DESCRIPTION OF THE TASK:
Whenever a line in the data holds the string "system", pull that line out.

(Stored items from a collection)
..........
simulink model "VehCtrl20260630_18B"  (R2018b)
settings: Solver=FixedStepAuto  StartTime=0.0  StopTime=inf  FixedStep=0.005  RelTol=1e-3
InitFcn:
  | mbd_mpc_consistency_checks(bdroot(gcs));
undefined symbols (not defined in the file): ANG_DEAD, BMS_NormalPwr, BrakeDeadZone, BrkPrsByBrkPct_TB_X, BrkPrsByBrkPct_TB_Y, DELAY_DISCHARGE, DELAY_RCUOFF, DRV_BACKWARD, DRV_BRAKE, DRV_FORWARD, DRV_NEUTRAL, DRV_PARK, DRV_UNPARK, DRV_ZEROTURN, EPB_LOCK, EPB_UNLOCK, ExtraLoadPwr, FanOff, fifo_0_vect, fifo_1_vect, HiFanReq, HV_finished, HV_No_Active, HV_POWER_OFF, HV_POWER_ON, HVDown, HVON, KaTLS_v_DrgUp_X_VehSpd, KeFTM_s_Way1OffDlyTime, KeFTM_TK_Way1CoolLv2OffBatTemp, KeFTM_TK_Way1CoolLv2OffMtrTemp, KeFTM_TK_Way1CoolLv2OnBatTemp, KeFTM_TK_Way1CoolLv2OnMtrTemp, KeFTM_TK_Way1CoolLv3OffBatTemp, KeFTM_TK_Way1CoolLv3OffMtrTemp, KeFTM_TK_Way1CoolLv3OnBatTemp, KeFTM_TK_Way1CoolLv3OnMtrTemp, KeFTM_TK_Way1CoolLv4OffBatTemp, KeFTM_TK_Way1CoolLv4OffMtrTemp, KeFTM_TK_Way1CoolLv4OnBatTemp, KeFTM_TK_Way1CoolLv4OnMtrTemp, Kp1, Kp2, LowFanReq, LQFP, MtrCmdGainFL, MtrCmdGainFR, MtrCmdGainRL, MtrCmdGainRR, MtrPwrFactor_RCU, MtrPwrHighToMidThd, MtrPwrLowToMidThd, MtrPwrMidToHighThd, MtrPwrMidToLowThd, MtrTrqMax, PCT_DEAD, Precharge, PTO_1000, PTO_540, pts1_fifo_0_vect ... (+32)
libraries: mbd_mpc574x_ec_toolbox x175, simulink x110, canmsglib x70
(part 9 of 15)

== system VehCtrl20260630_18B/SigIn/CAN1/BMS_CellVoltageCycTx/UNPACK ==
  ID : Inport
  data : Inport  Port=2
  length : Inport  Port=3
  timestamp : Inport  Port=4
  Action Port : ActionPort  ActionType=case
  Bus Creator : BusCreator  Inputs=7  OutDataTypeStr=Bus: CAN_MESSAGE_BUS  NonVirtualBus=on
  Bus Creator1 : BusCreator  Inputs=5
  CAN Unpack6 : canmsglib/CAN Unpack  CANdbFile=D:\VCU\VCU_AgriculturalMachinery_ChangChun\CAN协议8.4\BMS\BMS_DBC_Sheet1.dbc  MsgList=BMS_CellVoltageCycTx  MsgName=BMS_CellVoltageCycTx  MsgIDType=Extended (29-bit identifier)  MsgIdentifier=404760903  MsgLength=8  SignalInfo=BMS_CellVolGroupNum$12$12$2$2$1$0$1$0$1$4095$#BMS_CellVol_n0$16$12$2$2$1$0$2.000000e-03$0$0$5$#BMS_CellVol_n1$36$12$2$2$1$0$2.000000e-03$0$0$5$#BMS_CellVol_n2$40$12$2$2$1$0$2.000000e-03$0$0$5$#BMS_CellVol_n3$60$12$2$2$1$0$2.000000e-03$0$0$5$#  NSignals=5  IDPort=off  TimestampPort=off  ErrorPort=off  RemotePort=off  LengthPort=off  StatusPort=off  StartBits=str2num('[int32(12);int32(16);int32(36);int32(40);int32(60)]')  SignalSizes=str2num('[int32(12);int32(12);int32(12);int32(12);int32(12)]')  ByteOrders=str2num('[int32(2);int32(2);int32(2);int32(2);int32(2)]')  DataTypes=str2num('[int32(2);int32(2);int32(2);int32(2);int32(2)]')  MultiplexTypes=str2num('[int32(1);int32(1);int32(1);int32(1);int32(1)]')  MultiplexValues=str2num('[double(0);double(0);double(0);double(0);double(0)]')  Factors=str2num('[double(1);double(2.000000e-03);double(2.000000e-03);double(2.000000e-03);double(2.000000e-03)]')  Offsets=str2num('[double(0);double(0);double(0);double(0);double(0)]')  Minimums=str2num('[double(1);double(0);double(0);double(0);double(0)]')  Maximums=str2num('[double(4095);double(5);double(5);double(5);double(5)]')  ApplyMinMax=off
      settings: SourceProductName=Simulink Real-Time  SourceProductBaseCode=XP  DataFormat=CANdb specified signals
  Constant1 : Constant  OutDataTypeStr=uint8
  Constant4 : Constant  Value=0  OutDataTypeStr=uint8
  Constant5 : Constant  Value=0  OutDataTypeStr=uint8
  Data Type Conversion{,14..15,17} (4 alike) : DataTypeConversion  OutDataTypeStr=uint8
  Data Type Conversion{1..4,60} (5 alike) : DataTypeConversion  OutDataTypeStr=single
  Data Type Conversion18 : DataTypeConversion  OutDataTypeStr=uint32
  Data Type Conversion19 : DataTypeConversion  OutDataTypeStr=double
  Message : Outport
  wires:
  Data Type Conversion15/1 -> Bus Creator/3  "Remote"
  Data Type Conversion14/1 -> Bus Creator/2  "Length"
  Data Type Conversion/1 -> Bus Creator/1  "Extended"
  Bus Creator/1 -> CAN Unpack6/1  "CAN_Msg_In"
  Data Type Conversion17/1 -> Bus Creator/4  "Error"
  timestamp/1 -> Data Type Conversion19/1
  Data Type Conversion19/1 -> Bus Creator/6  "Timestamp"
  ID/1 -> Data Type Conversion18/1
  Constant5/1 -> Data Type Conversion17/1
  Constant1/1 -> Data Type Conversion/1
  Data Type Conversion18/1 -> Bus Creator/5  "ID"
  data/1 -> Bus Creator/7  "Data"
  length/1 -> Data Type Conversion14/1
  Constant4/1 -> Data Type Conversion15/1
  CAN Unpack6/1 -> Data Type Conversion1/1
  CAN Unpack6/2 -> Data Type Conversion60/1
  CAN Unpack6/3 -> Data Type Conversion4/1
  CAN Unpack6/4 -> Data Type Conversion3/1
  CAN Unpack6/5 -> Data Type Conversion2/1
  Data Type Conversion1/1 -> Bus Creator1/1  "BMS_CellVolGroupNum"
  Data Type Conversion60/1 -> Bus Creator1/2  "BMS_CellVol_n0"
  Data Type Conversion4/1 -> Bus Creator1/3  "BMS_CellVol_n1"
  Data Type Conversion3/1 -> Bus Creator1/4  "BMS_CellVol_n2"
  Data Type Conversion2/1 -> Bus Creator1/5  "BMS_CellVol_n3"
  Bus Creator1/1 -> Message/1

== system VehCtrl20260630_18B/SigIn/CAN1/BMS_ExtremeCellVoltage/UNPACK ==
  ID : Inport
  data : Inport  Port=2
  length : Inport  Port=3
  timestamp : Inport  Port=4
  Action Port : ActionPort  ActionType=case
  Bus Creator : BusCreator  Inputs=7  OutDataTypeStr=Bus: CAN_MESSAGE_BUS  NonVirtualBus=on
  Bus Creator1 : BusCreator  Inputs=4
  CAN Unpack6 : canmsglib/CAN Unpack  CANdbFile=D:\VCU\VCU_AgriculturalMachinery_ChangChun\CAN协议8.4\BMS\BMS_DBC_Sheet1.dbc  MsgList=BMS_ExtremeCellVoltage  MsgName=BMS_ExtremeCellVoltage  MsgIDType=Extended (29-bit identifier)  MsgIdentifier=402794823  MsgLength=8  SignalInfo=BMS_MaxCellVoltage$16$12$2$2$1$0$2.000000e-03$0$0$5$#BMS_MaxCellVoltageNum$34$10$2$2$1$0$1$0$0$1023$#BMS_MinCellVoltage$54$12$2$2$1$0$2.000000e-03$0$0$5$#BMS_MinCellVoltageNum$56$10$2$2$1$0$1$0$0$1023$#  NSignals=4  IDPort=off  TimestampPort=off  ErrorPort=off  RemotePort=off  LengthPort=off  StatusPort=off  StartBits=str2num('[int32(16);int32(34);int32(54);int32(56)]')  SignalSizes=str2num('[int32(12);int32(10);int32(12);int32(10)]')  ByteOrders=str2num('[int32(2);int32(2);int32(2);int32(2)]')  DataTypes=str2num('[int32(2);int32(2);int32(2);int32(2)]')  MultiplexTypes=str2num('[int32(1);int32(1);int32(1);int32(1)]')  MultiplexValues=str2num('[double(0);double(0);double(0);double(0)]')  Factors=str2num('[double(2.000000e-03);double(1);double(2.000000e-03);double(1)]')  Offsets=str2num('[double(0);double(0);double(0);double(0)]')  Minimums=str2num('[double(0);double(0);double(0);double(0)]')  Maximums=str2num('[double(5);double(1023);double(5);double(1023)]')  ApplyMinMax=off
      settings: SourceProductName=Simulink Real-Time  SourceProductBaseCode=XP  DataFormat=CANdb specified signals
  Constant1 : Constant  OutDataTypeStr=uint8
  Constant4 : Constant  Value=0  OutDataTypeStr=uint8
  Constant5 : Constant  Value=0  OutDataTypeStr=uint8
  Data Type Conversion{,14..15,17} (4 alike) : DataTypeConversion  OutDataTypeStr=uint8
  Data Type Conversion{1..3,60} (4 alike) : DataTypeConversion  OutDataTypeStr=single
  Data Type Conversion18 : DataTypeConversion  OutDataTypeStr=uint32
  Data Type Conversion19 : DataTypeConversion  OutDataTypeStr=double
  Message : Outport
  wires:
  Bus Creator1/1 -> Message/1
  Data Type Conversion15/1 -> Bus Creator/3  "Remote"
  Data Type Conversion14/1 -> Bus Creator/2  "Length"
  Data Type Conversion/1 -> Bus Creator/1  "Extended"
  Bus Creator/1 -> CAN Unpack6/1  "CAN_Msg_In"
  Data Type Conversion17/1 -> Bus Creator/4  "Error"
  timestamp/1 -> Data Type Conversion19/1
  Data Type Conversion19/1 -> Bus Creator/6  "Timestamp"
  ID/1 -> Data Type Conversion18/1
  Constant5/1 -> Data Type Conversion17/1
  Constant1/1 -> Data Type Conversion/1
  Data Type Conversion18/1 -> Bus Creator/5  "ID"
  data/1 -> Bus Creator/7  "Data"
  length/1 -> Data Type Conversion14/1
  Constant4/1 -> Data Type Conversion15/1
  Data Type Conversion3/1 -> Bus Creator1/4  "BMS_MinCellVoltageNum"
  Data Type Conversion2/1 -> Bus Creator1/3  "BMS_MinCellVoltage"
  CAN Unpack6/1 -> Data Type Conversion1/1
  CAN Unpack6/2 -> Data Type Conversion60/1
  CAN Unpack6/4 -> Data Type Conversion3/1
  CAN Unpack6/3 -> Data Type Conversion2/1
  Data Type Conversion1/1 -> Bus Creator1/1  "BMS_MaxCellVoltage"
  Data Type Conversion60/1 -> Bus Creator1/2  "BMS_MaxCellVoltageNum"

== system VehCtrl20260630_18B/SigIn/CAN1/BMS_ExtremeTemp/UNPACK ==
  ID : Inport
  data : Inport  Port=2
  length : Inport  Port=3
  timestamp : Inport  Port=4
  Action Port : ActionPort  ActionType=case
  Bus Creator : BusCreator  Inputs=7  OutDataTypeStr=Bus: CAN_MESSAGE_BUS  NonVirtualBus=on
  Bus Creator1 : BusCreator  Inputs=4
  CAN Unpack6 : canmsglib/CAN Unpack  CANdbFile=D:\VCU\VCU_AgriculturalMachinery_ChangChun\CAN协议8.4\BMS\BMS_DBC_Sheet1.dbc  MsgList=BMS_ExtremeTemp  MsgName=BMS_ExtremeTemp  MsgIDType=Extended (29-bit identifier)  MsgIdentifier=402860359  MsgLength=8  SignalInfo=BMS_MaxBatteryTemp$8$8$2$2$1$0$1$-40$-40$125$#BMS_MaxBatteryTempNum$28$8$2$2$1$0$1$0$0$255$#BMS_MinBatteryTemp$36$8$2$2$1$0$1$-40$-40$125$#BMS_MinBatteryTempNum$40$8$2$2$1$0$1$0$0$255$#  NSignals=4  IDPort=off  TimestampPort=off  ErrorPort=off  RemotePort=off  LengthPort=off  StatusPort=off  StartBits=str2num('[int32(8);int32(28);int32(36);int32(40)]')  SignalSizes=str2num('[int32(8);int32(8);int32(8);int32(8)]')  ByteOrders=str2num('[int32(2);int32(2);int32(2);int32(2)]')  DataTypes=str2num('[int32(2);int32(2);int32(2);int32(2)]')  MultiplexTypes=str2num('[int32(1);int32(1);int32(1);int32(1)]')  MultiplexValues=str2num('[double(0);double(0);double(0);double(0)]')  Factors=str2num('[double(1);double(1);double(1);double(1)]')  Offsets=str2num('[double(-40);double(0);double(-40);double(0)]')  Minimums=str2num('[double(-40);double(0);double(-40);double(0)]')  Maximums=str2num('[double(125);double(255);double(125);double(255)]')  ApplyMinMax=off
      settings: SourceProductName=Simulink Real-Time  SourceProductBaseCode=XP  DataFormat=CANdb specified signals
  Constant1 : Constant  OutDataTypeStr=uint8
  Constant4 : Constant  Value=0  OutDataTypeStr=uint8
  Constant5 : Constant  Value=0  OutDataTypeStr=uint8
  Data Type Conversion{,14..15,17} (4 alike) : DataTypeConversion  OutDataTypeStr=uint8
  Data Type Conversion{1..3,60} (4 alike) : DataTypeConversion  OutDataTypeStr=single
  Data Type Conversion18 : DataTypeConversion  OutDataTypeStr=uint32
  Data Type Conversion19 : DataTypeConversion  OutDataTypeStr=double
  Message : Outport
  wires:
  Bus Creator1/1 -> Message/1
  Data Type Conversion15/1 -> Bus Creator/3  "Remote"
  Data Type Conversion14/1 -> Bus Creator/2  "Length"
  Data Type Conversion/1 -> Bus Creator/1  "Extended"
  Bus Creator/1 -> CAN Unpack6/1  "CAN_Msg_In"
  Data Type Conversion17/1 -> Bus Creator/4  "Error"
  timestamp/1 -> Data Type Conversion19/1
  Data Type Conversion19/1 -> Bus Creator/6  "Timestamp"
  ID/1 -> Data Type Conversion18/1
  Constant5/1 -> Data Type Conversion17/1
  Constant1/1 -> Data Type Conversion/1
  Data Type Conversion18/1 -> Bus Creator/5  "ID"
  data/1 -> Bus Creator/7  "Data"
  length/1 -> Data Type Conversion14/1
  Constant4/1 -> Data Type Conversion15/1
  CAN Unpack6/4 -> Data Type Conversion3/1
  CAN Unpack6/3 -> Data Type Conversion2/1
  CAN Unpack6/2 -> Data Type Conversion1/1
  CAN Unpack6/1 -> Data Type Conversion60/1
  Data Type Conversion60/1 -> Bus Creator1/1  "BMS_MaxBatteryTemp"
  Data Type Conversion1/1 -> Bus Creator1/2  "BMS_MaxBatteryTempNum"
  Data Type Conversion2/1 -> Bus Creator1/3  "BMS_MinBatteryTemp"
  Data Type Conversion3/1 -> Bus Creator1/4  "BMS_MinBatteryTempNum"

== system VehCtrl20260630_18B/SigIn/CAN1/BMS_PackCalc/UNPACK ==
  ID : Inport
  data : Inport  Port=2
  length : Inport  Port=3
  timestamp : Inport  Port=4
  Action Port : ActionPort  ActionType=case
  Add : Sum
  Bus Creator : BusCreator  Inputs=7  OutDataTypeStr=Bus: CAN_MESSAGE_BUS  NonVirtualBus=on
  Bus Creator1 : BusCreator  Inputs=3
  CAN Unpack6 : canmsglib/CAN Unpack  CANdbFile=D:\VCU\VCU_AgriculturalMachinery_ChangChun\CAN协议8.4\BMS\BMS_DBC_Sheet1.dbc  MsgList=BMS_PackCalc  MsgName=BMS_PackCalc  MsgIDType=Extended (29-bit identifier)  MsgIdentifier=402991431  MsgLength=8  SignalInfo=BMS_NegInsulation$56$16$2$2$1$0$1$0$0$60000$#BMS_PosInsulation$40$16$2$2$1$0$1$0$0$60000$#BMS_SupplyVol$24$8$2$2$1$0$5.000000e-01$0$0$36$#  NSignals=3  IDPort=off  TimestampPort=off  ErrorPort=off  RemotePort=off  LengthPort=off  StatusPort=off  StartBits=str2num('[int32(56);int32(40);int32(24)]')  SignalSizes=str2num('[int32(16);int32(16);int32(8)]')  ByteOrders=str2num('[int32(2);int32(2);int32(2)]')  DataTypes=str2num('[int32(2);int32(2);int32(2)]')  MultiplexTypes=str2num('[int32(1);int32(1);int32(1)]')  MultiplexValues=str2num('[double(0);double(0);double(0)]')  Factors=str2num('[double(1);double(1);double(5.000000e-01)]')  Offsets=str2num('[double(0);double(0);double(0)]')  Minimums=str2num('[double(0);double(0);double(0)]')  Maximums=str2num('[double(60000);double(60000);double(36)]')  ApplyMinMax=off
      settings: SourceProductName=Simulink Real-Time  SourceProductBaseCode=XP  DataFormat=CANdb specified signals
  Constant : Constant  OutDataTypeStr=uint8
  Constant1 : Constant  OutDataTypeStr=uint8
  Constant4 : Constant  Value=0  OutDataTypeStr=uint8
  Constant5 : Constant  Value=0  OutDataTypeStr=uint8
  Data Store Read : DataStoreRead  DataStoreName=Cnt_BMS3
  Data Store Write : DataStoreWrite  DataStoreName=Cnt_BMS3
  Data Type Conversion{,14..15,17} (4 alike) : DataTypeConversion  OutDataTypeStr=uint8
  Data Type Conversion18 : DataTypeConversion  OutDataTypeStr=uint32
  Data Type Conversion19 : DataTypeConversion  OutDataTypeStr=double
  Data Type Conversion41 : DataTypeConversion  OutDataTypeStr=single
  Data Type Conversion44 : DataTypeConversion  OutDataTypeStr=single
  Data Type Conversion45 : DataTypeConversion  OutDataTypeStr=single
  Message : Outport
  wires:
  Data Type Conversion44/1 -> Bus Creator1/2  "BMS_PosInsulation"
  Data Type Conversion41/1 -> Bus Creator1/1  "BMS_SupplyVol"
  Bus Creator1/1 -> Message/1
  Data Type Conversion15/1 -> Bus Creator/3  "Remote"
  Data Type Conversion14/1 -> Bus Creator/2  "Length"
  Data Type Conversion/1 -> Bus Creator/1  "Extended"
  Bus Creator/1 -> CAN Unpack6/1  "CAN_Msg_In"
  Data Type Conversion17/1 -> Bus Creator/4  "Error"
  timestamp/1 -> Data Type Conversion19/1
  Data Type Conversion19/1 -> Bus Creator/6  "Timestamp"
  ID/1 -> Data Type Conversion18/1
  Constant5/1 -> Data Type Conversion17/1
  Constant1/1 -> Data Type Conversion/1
..........
RESPONSE:
== system VehCtrl20260630_18B/SigIn/CAN1/BMS_CellVoltageCycTx/UNPACK ==
== system VehCtrl20260630_18B/SigIn/CAN1/BMS_ExtremeCellVoltage/UNPACK ==
== system VehCtrl20260630_18B/SigIn/CAN1/BMS_ExtremeTemp/UNPACK ==
== system VehCtrl20260630_18B/SigIn/CAN1/BMS_PackCalc/UNPACK ==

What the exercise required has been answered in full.